Let's now throw this data into pymc3.

import pymc3 as pm

with pm.Model() as model:
    intercept = pm.Normal("intercept", 0, 1)
    slope = pm.Normal("slope", 0, 1)
    values = pm.Normal("y", intercept + slope * xs, 1, observed=ys)
    trace = pm.sample(2000, chains=1)

plt.scatter(trace.get_values('intercept'), trace.get_values('slope'), alpha=0.2)
plt.title("pymc3 results");
Intercept vs. Slope.

That's interesting; the intercept and slope variables aren't independant at all. They are negatively related!

Scikit-Learn

Don't trust this result? Let's sample subsets and throw it into scikit learn, let's see what comes out of that.

size_subset = 500
n_samples = 2000
samples = np.zeros((n_samples, 2))

for i in range(n_samples):
    idx = np.random.choice(np.arange(n), size=size_subset, replace=False)
    X = xs[idx].reshape(n_samples, 1)
    Y = ys[idx]
    sk_model = LinearRegression().fit(X, Y)
    samples[i, 0] = sk_model.intercept_
    samples[i, 1] = sk_model.coef_[0]

plt.scatter(samples[:, 0], samples[:, 1], alpha=0.2)
plt.title("sklearn subsets result");
Again, negative correlation.

Why?

So what is going on here?

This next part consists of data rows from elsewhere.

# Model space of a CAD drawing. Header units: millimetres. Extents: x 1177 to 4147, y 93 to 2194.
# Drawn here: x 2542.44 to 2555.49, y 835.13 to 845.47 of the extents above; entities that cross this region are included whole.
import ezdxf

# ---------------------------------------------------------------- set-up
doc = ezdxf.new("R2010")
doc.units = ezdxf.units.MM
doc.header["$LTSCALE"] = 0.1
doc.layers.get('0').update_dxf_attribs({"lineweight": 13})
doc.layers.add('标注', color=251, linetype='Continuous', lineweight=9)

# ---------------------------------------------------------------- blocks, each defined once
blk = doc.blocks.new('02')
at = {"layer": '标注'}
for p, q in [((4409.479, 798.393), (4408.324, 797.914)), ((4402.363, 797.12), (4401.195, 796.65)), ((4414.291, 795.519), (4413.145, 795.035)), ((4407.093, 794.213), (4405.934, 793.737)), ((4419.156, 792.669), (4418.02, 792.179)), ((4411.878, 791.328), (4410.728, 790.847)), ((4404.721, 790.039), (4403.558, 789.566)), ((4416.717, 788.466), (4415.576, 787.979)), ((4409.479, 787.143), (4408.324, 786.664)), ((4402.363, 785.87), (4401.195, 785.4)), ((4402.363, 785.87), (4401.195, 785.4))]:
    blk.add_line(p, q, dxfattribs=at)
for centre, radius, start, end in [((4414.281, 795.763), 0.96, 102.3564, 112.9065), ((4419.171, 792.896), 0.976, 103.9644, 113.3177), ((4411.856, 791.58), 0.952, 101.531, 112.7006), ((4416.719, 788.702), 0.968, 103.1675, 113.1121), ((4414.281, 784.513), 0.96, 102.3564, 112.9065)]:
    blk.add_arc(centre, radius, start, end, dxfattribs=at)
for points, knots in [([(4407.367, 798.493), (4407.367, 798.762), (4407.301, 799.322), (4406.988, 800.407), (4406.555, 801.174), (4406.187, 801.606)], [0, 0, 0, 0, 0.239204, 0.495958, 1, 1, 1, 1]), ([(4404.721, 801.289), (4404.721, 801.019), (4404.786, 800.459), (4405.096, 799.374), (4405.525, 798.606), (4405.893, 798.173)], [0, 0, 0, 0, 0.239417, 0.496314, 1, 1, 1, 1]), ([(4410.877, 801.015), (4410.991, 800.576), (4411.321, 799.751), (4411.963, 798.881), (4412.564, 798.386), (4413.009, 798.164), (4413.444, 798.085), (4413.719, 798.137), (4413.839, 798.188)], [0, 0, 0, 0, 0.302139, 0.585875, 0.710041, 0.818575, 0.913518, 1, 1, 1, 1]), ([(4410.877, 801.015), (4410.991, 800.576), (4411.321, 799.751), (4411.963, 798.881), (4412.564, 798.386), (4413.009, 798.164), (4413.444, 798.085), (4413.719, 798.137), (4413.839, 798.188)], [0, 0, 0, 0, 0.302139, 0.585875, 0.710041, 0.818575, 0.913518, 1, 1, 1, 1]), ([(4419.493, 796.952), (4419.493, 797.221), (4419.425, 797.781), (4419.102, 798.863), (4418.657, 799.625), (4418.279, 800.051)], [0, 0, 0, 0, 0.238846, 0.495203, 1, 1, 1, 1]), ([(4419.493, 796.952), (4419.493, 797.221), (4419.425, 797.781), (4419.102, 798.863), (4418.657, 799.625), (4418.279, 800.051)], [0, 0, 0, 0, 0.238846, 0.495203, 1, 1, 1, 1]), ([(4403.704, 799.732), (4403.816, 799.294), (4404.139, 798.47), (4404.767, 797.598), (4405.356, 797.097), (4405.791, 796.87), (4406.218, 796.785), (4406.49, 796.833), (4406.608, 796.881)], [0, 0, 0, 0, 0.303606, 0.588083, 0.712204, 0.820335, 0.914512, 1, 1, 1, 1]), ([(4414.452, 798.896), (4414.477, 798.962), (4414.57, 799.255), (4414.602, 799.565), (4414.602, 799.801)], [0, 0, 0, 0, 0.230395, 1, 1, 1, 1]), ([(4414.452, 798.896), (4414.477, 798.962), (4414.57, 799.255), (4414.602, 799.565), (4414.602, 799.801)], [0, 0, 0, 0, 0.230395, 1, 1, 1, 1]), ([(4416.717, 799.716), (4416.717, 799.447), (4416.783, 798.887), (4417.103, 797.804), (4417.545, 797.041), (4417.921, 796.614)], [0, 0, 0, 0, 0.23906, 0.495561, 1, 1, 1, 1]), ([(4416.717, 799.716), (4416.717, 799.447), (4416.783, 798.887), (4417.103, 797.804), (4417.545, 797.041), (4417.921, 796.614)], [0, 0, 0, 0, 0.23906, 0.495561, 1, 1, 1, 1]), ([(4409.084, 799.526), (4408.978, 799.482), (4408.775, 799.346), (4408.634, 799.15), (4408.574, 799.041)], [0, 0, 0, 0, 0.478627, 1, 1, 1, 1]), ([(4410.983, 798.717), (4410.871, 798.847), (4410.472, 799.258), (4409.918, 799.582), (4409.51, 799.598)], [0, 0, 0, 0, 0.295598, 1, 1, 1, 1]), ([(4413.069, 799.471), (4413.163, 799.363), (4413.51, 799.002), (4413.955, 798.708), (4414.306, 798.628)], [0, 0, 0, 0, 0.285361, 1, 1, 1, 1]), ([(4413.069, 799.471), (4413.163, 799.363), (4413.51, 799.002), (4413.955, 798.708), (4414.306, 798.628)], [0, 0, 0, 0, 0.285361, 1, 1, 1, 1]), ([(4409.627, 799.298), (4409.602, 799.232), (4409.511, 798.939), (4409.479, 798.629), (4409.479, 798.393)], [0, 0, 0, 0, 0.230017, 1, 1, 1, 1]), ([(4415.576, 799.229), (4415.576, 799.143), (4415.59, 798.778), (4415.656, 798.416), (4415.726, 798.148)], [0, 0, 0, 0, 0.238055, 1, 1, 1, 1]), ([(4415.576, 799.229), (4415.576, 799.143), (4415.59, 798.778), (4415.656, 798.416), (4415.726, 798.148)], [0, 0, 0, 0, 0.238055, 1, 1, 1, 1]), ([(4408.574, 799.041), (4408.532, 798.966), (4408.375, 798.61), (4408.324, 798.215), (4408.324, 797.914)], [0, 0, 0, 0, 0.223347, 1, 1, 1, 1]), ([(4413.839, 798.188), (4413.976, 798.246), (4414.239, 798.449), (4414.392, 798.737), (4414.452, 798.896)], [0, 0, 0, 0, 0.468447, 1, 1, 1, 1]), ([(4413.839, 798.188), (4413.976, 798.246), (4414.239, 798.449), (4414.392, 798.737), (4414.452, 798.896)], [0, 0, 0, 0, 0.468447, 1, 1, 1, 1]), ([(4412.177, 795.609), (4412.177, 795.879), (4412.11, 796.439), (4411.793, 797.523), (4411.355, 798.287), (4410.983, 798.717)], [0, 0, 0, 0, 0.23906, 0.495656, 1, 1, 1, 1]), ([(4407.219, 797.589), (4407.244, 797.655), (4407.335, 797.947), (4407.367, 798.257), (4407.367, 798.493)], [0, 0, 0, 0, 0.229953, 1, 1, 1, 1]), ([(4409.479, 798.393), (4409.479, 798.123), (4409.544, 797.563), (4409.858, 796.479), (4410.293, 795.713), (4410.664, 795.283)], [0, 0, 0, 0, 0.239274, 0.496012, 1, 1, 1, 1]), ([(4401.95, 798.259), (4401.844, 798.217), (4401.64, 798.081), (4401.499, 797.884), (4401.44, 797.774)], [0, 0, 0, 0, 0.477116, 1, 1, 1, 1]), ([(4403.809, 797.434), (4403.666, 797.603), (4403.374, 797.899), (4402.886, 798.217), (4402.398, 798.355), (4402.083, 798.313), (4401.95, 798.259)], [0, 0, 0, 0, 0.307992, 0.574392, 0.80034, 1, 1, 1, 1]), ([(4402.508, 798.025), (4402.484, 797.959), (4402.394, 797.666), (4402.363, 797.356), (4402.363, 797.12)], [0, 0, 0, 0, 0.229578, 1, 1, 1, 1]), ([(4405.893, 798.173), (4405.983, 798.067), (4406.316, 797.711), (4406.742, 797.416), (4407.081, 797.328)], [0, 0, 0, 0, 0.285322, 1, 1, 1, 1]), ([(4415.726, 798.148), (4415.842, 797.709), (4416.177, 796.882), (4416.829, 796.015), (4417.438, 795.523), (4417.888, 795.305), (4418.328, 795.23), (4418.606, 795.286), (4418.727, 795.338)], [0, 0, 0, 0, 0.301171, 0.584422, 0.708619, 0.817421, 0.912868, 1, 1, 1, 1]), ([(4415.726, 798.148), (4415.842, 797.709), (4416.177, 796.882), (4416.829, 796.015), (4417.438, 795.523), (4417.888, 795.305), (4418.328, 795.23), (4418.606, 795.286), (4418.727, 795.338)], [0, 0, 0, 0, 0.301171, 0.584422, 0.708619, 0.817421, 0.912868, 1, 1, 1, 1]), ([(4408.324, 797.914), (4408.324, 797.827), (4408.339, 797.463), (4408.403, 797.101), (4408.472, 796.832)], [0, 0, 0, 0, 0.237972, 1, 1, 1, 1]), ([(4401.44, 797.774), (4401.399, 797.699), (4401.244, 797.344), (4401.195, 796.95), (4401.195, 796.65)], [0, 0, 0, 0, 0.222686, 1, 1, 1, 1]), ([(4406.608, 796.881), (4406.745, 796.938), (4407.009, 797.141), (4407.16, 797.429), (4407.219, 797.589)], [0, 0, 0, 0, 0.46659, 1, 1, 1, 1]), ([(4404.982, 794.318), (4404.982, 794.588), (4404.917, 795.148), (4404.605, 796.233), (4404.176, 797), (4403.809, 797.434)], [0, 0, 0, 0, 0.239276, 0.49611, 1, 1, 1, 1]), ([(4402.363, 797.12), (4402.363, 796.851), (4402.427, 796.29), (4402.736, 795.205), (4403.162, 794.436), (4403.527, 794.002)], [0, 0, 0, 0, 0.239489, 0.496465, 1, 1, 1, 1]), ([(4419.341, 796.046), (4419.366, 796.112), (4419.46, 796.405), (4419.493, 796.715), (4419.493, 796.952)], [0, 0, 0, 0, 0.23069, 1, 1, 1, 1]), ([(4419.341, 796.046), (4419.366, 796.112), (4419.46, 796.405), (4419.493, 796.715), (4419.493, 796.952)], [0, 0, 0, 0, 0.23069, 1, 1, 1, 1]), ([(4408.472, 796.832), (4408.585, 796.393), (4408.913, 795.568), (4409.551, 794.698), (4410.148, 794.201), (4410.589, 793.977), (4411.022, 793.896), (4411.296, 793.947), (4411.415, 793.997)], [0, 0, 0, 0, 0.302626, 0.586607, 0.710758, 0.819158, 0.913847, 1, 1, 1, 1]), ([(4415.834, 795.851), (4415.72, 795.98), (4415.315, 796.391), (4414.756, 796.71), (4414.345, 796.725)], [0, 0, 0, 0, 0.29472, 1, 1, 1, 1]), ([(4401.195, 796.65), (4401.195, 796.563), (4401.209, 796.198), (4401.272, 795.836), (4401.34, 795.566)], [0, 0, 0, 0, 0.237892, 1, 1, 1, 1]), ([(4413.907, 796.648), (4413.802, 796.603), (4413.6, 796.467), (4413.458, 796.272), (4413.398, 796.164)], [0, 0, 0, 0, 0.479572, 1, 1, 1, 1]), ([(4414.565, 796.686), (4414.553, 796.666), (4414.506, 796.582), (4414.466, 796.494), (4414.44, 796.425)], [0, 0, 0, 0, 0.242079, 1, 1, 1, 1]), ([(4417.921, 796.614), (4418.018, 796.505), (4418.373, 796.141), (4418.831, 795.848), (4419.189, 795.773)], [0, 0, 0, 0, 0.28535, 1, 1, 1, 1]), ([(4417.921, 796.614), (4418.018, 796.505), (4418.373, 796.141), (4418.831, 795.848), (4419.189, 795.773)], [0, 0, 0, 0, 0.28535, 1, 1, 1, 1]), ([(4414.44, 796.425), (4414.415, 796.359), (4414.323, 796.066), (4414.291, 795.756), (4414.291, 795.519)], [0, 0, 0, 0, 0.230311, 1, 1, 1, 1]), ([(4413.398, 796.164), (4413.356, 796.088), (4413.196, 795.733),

We generated the data with two independent parameters. Why are these posteriors suggesting that there is a relationship between the intercept and slope?

There are two arguments to make this intuitive.

Argument One: Geometry

Consider these two regression lines that go into a single point.As far as the little point is concerned both lines are equal. They both have the same fit. We're able to exchange a little bit of the intercept with a little bit of the slope. Granted, this is for a single point, but also for a collection of points you can make an argument that you can exchange the intercept for the slope. This is why there must be a negative correlation.

When the intercept is low, the slope must be high to fit a single point.

Argument Two: A bit Causal

Consider this causal graph.

Given x_0, does our belief in x_1 update?

The \(x_0\) node and \(x_1\) node are independant, that is, unless \(y\) is given. That is because, once \(y_i\) is known, we're back to a single point and then the geometry argument kicks in. But also because logically we could explain the point \(y_i\) in many ways; a lack of \(x_0\) can be explained by an increase of \(x_1\), vise versa or something in between. This encoded exactly in the graphical structure.

Conclusion

It actually took me a long time to come to grips with this. Upfront the linear regression does look like the addition of independant features. But since they all need to sum up to a number, it is only logical that they are related.

Assuming properties of your model upfront is best done via a prior, not by an independence assumption.

Appendix

The interesting thing about this phenomenon is that it is so pronounced in the simplest example. It is far less pronounced in large regressions with many features, like;

$$ y_i \approx \text{intercept} + \beta_1 x_{1i} + ... + \beta_f x_{fi} $$ Here's some plots of the intercept value vs. the first estimated feature, \(\beta_1\) given \(f\) features;

You can clearly see the covariance decrease as \(f\) increases. The code for this can be found here.